Weaver Ants Get Stronger in Groups — The Exact Opposite of What Happens to Humans
In humans, there's a well-documented phenomenon called the Ringelmann effect: the bigger the group, the less effort each individual puts in. It's why group projects in school always had that one person doing all the work.
Ants Don't Do "Social Loafing"
In August 2025, researchers published a study in Current Biology that flipped this idea on its head. They tested weaver ants (Oecophylla smaragdina) — the leaf-nest builders of tropical Asia — and found something extraordinary.
A single weaver ant can pull about 59 times its own body weight. Impressive on its own. But when researchers put them in groups of 15 and measured individual effort, each ant was pulling 103 times its body weight.

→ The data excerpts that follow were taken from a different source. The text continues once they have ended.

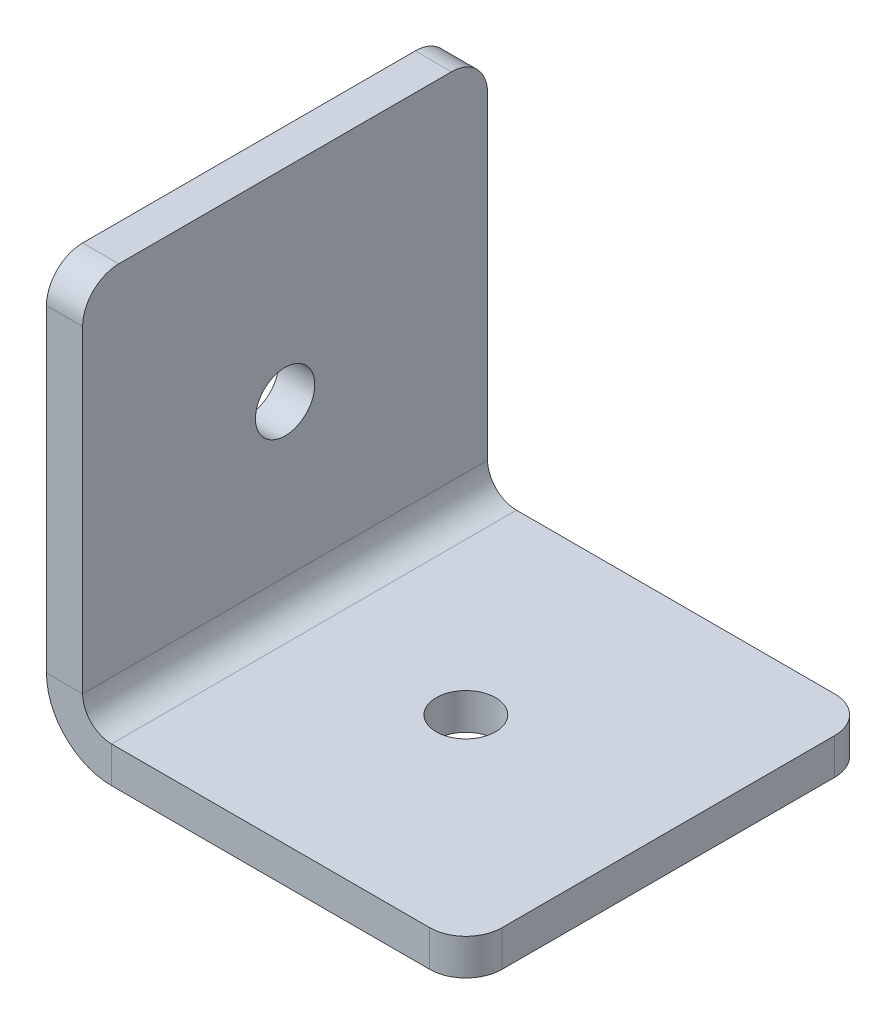
ISO-10303-21;
HEADER;
FILE_DESCRIPTION(('STEP AP214'),'2;1');
FILE_NAME('part.step','',(''),(''),'','','');
FILE_SCHEMA(('AUTOMOTIVE_DESIGN { 1 0 10303 214 1 1 1 1 }'));
ENDSEC;
DATA;
#1=APPLICATION_CONTEXT('core data for automotive mechanical design processes');
#2=APPLICATION_PROTOCOL_DEFINITION('international standard','automotive_design',2000,#1);
#3=PRODUCT_CONTEXT('',#1,'mechanical');
#4=PRODUCT('Part','Part','',(#3));
#5=PRODUCT_RELATED_PRODUCT_CATEGORY('part','',(#4));
#6=PRODUCT_DEFINITION_FORMATION('','',#4);
#7=PRODUCT_DEFINITION_CONTEXT('part definition',#1,'design');
#8=PRODUCT_DEFINITION('design','',#6,#7);
#9=PRODUCT_DEFINITION_SHAPE('','',#8);
#10=(LENGTH_UNIT() NAMED_UNIT(*) SI_UNIT(.MILLI.,.METRE.));
#11=(NAMED_UNIT(*) PLANE_ANGLE_UNIT() SI_UNIT($,.RADIAN.));
#12=(NAMED_UNIT(*) SI_UNIT($,.STERADIAN.) SOLID_ANGLE_UNIT());
#13=UNCERTAINTY_MEASURE_WITH_UNIT(LENGTH_MEASURE(1.E-05),#10,'distance_accuracy_value','');
#14=(GEOMETRIC_REPRESENTATION_CONTEXT(3) GLOBAL_UNCERTAINTY_ASSIGNED_CONTEXT((#13)) GLOBAL_UNIT_ASSIGNED_CONTEXT((#10,
#11,#12)) REPRESENTATION_CONTEXT('',''));
#15=CARTESIAN_POINT('',(0.,0.,0.));
#16=DIRECTION('',(0.,0.,1.));
#17=DIRECTION('',(1.,0.,0.));
#18=AXIS2_PLACEMENT_3D('',#15,#16,#17);
#19=CARTESIAN_POINT('',(5.,0.,0.));
#20=DIRECTION('',(0.,0.,-1.));
#21=DIRECTION('',(0.,1.,0.));
#22=AXIS2_PLACEMENT_3D('',#19,#20,#21);
#23=PLANE('',#22);
#24=DIRECTION('',(0.,1.,0.));
#25=VECTOR('',#24,1.);
#26=CARTESIAN_POINT('',(0.,0.,0.));
#27=LINE('',#26,#25);
#28=CARTESIAN_POINT('',(0.,53.,0.));
#29=VERTEX_POINT('',#28);
#30=CARTESIAN_POINT('',(0.,9.,0.));
#31=VERTEX_POINT('',#30);
#32=EDGE_CURVE('E178',#29,#31,#27,.F.);
#33=ORIENTED_EDGE('',*,*,#32,.F.);
#34=DIRECTION('',(-1.,0.,0.));
#35=VECTOR('',#34,1.);
#36=CARTESIAN_POINT('',(5.,53.,0.));
#37=LINE('',#36,#35);
#38=CARTESIAN_POINT('',(5.,53.,0.));
#39=VERTEX_POINT('',#38);
#40=EDGE_CURVE('E113',#29,#39,#37,.F.);
#41=ORIENTED_EDGE('',*,*,#40,.T.);
#42=DIRECTION('',(0.,1.,0.));
#43=VECTOR('',#42,1.);
#44=CARTESIAN_POINT('',(5.,0.,0.));
#45=LINE('',#44,#43);
#46=CARTESIAN_POINT('',(5.,9.,0.));
#47=VERTEX_POINT('',#46);
#48=EDGE_CURVE('E107',#39,#47,#45,.F.);
#49=ORIENTED_EDGE('',*,*,#48,.T.);
#50=DIRECTION('',(1.,0.,0.));
#51=VECTOR('',#50,1.);
#52=CARTESIAN_POINT('',(5.,9.,0.));
#53=LINE('',#52,#51);
#54=EDGE_CURVE('E110',#31,#47,#53,.T.);
#55=ORIENTED_EDGE('',*,*,#54,.F.);
#56=EDGE_LOOP('',(#33,#41,#49,#55));
#57=FACE_BOUND('',#56,.T.);
#58=ADVANCED_FACE('F16',(#57),#23,.T.);
#59=CARTESIAN_POINT('',(5.,58.,56.));
#60=DIRECTION('',(0.,-1.,0.));
#61=DIRECTION('',(0.,0.,-1.));
#62=AXIS2_PLACEMENT_3D('',#59,#60,#61);
#63=PLANE('',#62);
#64=DIRECTION('',(0.,0.,-1.));
#65=VECTOR('',#64,1.);
#66=CARTESIAN_POINT('',(5.,58.,56.));
#67=LINE('',#66,#65);
#68=CARTESIAN_POINT('',(5.,58.,51.));
#69=VERTEX_POINT('',#68);
#70=CARTESIAN_POINT('',(5.,58.,5.));
#71=VERTEX_POINT('',#70);
#72=EDGE_CURVE('E116',#69,#71,#67,.T.);
#73=ORIENTED_EDGE('',*,*,#72,.T.);
#74=DIRECTION('',(1.,0.,0.));
#75=VECTOR('',#74,1.);
#76=CARTESIAN_POINT('',(5.,58.,5.));
#77=LINE('',#76,#75);
#78=CARTESIAN_POINT('',(0.,58.,5.));
#79=VERTEX_POINT('',#78);
#80=EDGE_CURVE('E37',#71,#79,#77,.F.);
#81=ORIENTED_EDGE('',*,*,#80,.T.);
#82=DIRECTION('',(0.,0.,-1.));
#83=VECTOR('',#82,1.);
#84=CARTESIAN_POINT('',(0.,58.,56.));
#85=LINE('',#84,#83);
#86=CARTESIAN_POINT('',(0.,58.,51.));
#87=VERTEX_POINT('',#86);
#88=EDGE_CURVE('E176',#87,#79,#85,.T.);
#89=ORIENTED_EDGE('',*,*,#88,.F.);
#90=DIRECTION('',(-1.,0.,0.));
#91=VECTOR('',#90,1.);
#92=CARTESIAN_POINT('',(5.,58.,51.));
#93=LINE('',#92,#91);
#94=EDGE_CURVE('E209',#87,#69,#93,.F.);
#95=ORIENTED_EDGE('',*,*,#94,.T.);
#96=EDGE_LOOP('',(#73,#81,#89,#95));
#97=FACE_BOUND('',#96,.T.);
#98=ADVANCED_FACE('F221',(#97),#63,.F.);
#99=CARTESIAN_POINT('',(5.,0.,56.));
#100=DIRECTION('',(0.,0.,-1.));
#101=DIRECTION('',(0.,1.,0.));
#102=AXIS2_PLACEMENT_3D('',#99,#100,#101);
#103=PLANE('',#102);
#104=DIRECTION('',(0.,1.,0.));
#105=VECTOR('',#104,1.);
#106=CARTESIAN_POINT('',(5.,0.,56.));
#107=LINE('',#106,#105);
#108=CARTESIAN_POINT('',(5.,53.,56.));
#109=VERTEX_POINT('',#108);
#110=CARTESIAN_POINT('',(5.,9.,56.));
#111=VERTEX_POINT('',#110);
#112=EDGE_CURVE('E142',#109,#111,#107,.F.);
#113=ORIENTED_EDGE('',*,*,#112,.F.);
#114=DIRECTION('',(-1.,0.,0.));
#115=VECTOR('',#114,1.);
#116=CARTESIAN_POINT('',(5.,53.,56.));
#117=LINE('',#116,#115);
#118=CARTESIAN_POINT('',(0.,53.,56.));
#119=VERTEX_POINT('',#118);
#120=EDGE_CURVE('E10',#109,#119,#117,.T.);
#121=ORIENTED_EDGE('',*,*,#120,.T.);
#122=DIRECTION('',(0.,1.,0.));
#123=VECTOR('',#122,1.);
#124=CARTESIAN_POINT('',(0.,0.,56.));
#125=LINE('',#124,#123);
#126=CARTESIAN_POINT('',(0.,9.,56.));
#127=VERTEX_POINT('',#126);
#128=EDGE_CURVE('E163',#119,#127,#125,.F.);
#129=ORIENTED_EDGE('',*,*,#128,.T.);
#130=DIRECTION('',(1.,0.,0.));
#131=VECTOR('',#130,1.);
#132=CARTESIAN_POINT('',(5.,9.,56.));
#133=LINE('',#132,#131);
#134=EDGE_CURVE('E129',#127,#111,#133,.T.);
#135=ORIENTED_EDGE('',*,*,#134,.T.);
#136=EDGE_LOOP('',(#113,#121,#129,#135));
#137=FACE_BOUND('',#136,.T.);
#138=ADVANCED_FACE('F266',(#137),#103,.F.);
#139=CARTESIAN_POINT('',(9.,9.,56.));
#140=DIRECTION('',(0.,0.,-1.));
#141=DIRECTION('',(-1.,0.,0.));
#142=AXIS2_PLACEMENT_3D('',#139,#140,#141);
#143=PLANE('',#142);
#144=ORIENTED_EDGE('',*,*,#134,.F.);
#145=CARTESIAN_POINT('',(9.,9.,56.));
#146=DIRECTION('',(0.,0.,1.));
#147=DIRECTION('',(1.,0.,0.));
#148=AXIS2_PLACEMENT_3D('',#145,#146,#147);
#149=CIRCLE('',#148,9.);
#150=CARTESIAN_POINT('',(9.,0.,56.));
#151=VERTEX_POINT('',#150);
#152=EDGE_CURVE('E171',#127,#151,#149,.T.);
#153=ORIENTED_EDGE('',*,*,#152,.T.);
#154=DIRECTION('',(0.,1.,0.));
#155=VECTOR('',#154,1.);
#156=CARTESIAN_POINT('',(9.,5.,56.));
#157=LINE('',#156,#155);
#158=CARTESIAN_POINT('',(9.,5.,56.));
#159=VERTEX_POINT('',#158);
#160=EDGE_CURVE('E183',#151,#159,#157,.T.);
#161=ORIENTED_EDGE('',*,*,#160,.T.);
#162=CARTESIAN_POINT('',(9.,9.,56.));
#163=DIRECTION('',(0.,0.,1.));
#164=DIRECTION('',(1.,0.,0.));
#165=AXIS2_PLACEMENT_3D('',#162,#163,#164);
#166=CIRCLE('',#165,4.);
#167=EDGE_CURVE('E138',#111,#159,#166,.T.);
#168=ORIENTED_EDGE('',*,*,#167,.F.);
#169=EDGE_LOOP('',(#144,#153,#161,#168));
#170=FACE_BOUND('',#169,.T.);
#171=ADVANCED_FACE('F269',(#170),#143,.F.);
#172=CARTESIAN_POINT('',(0.,5.,56.));
#173=DIRECTION('',(0.,0.,1.));
#174=DIRECTION('',(1.,0.,0.));
#175=AXIS2_PLACEMENT_3D('',#172,#173,#174);
#176=PLANE('',#175);
#177=DIRECTION('',(1.,0.,0.));
#178=VECTOR('',#177,1.);
#179=CARTESIAN_POINT('',(0.,0.,56.));
#180=LINE('',#179,#178);
#181=CARTESIAN_POINT('',(53.,0.,56.));
#182=VERTEX_POINT('',#181);
#183=EDGE_CURVE('E166',#151,#182,#180,.T.);
#184=ORIENTED_EDGE('',*,*,#183,.T.);
#185=DIRECTION('',(0.,1.,0.));
#186=VECTOR('',#185,1.);
#187=CARTESIAN_POINT('',(53.,5.,56.));
#188=LINE('',#187,#186);
#189=CARTESIAN_POINT('',(53.,5.,56.));
#190=VERTEX_POINT('',#189);
#191=EDGE_CURVE('E128',#182,#190,#188,.T.);
#192=ORIENTED_EDGE('',*,*,#191,.T.);
#193=DIRECTION('',(1.,0.,0.));
#194=VECTOR('',#193,1.);
#195=CARTESIAN_POINT('',(0.,5.,56.));
#196=LINE('',#195,#194);
#197=EDGE_CURVE('E149',#159,#190,#196,.T.);
#198=ORIENTED_EDGE('',*,*,#197,.F.);
#199=ORIENTED_EDGE('',*,*,#160,.F.);
#200=EDGE_LOOP('',(#184,#192,#198,#199));
#201=FACE_BOUND('',#200,.T.);
#202=ADVANCED_FACE('F239',(#201),#176,.T.);
#203=CARTESIAN_POINT('',(58.,5.,56.));
#204=DIRECTION('',(1.,0.,0.));
#205=DIRECTION('',(0.,0.,-1.));
#206=AXIS2_PLACEMENT_3D('',#203,#204,#205);
#207=PLANE('',#206);
#208=DIRECTION('',(0.,0.,-1.));
#209=VECTOR('',#208,1.);
#210=CARTESIAN_POINT('',(58.,5.,56.));
#211=LINE('',#210,#209);
#212=CARTESIAN_POINT('',(58.,5.,51.));
#213=VERTEX_POINT('',#212);
#214=CARTESIAN_POINT('',(58.,5.,5.));
#215=VERTEX_POINT('',#214);
#216=EDGE_CURVE('E144',#213,#215,#211,.T.);
#217=ORIENTED_EDGE('',*,*,#216,.F.);
#218=DIRECTION('',(0.,1.,0.));
#219=VECTOR('',#218,1.);
#220=CARTESIAN_POINT('',(58.,5.,51.));
#221=LINE('',#220,#219);
#222=CARTESIAN_POINT('',(58.,0.,51.));
#223=VERTEX_POINT('',#222);
#224=EDGE_CURVE('E196',#213,#223,#221,.F.);
#225=ORIENTED_EDGE('',*,*,#224,.T.);
#226=DIRECTION('',(0.,0.,1.));
#227=VECTOR('',#226,1.);
#228=CARTESIAN_POINT('',(58.,0.,56.));
#229=LINE('',#228,#227);
#230=CARTESIAN_POINT('',(58.,0.,5.));
#231=VERTEX_POINT('',#230);
#232=EDGE_CURVE('E158',#223,#231,#229,.F.);
#233=ORIENTED_EDGE('',*,*,#232,.T.);
#234=DIRECTION('',(0.,-1.,0.));
#235=VECTOR('',#234,1.);
#236=CARTESIAN_POINT('',(58.,5.,5.));
#237=LINE('',#236,#235);
#238=EDGE_CURVE('E193',#231,#215,#237,.F.);
#239=ORIENTED_EDGE('',*,*,#238,.T.);
#240=EDGE_LOOP('',(#217,#225,#233,#239));
#241=FACE_BOUND('',#240,.T.);
#242=ADVANCED_FACE('F248',(#241),#207,.T.);
#243=CARTESIAN_POINT('',(0.,5.,0.));
#244=DIRECTION('',(0.,0.,1.));
#245=DIRECTION('',(1.,0.,0.));
#246=AXIS2_PLACEMENT_3D('',#243,#244,#245);
#247=PLANE('',#246);
#248=DIRECTION('',(1.,0.,0.));
#249=VECTOR('',#248,1.);
#250=CARTESIAN_POINT('',(0.,5.,0.));
#251=LINE('',#250,#249);
#252=CARTESIAN_POINT('',(9.,5.,0.));
#253=VERTEX_POINT('',#252);
#254=CARTESIAN_POINT('',(53.,5.,0.));
#255=VERTEX_POINT('',#254);
#256=EDGE_CURVE('E230',#253,#255,#251,.T.);
#257=ORIENTED_EDGE('',*,*,#256,.T.);
#258=DIRECTION('',(0.,1.,0.));
#259=VECTOR('',#258,1.);
#260=CARTESIAN_POINT('',(53.,5.,0.));
#261=LINE('',#260,#259);
#262=CARTESIAN_POINT('',(53.,0.,0.));
#263=VERTEX_POINT('',#262);
#264=EDGE_CURVE('E202',#255,#263,#261,.F.);
#265=ORIENTED_EDGE('',*,*,#264,.T.);
#266=DIRECTION('',(1.,0.,0.));
#267=VECTOR('',#266,1.);
#268=CARTESIAN_POINT('',(0.,0.,0.));
#269=LINE('',#268,#267);
#270=CARTESIAN_POINT('',(9.,0.,0.));
#271=VERTEX_POINT('',#270);
#272=EDGE_CURVE('E162',#271,#263,#269,.T.);
#273=ORIENTED_EDGE('',*,*,#272,.F.);
#274=DIRECTION('',(0.,1.,0.));
#275=VECTOR('',#274,1.);
#276=CARTESIAN_POINT('',(9.,5.,0.));
#277=LINE('',#276,#275);
#278=EDGE_CURVE('E146',#271,#253,#277,.T.);
#279=ORIENTED_EDGE('',*,*,#278,.T.);
#280=EDGE_LOOP('',(#257,#265,#273,#279));
#281=FACE_BOUND('',#280,.T.);
#282=ADVANCED_FACE('F259',(#281),#247,.F.);
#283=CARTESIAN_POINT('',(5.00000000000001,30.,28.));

They didn't just maintain their effort in a group. They nearly doubled it.
The Force Ratchet
The secret is a system researchers call a "force ratchet." The front ants in a chain actively pull, while the rear ants anchor themselves using sticky pads on their feet. The chain never slips backward. Each ant locks in gains while the others push forward.
It's like a tug-of-war team where nobody ever lets go — and everyone pulls harder because they know the rope won't slip.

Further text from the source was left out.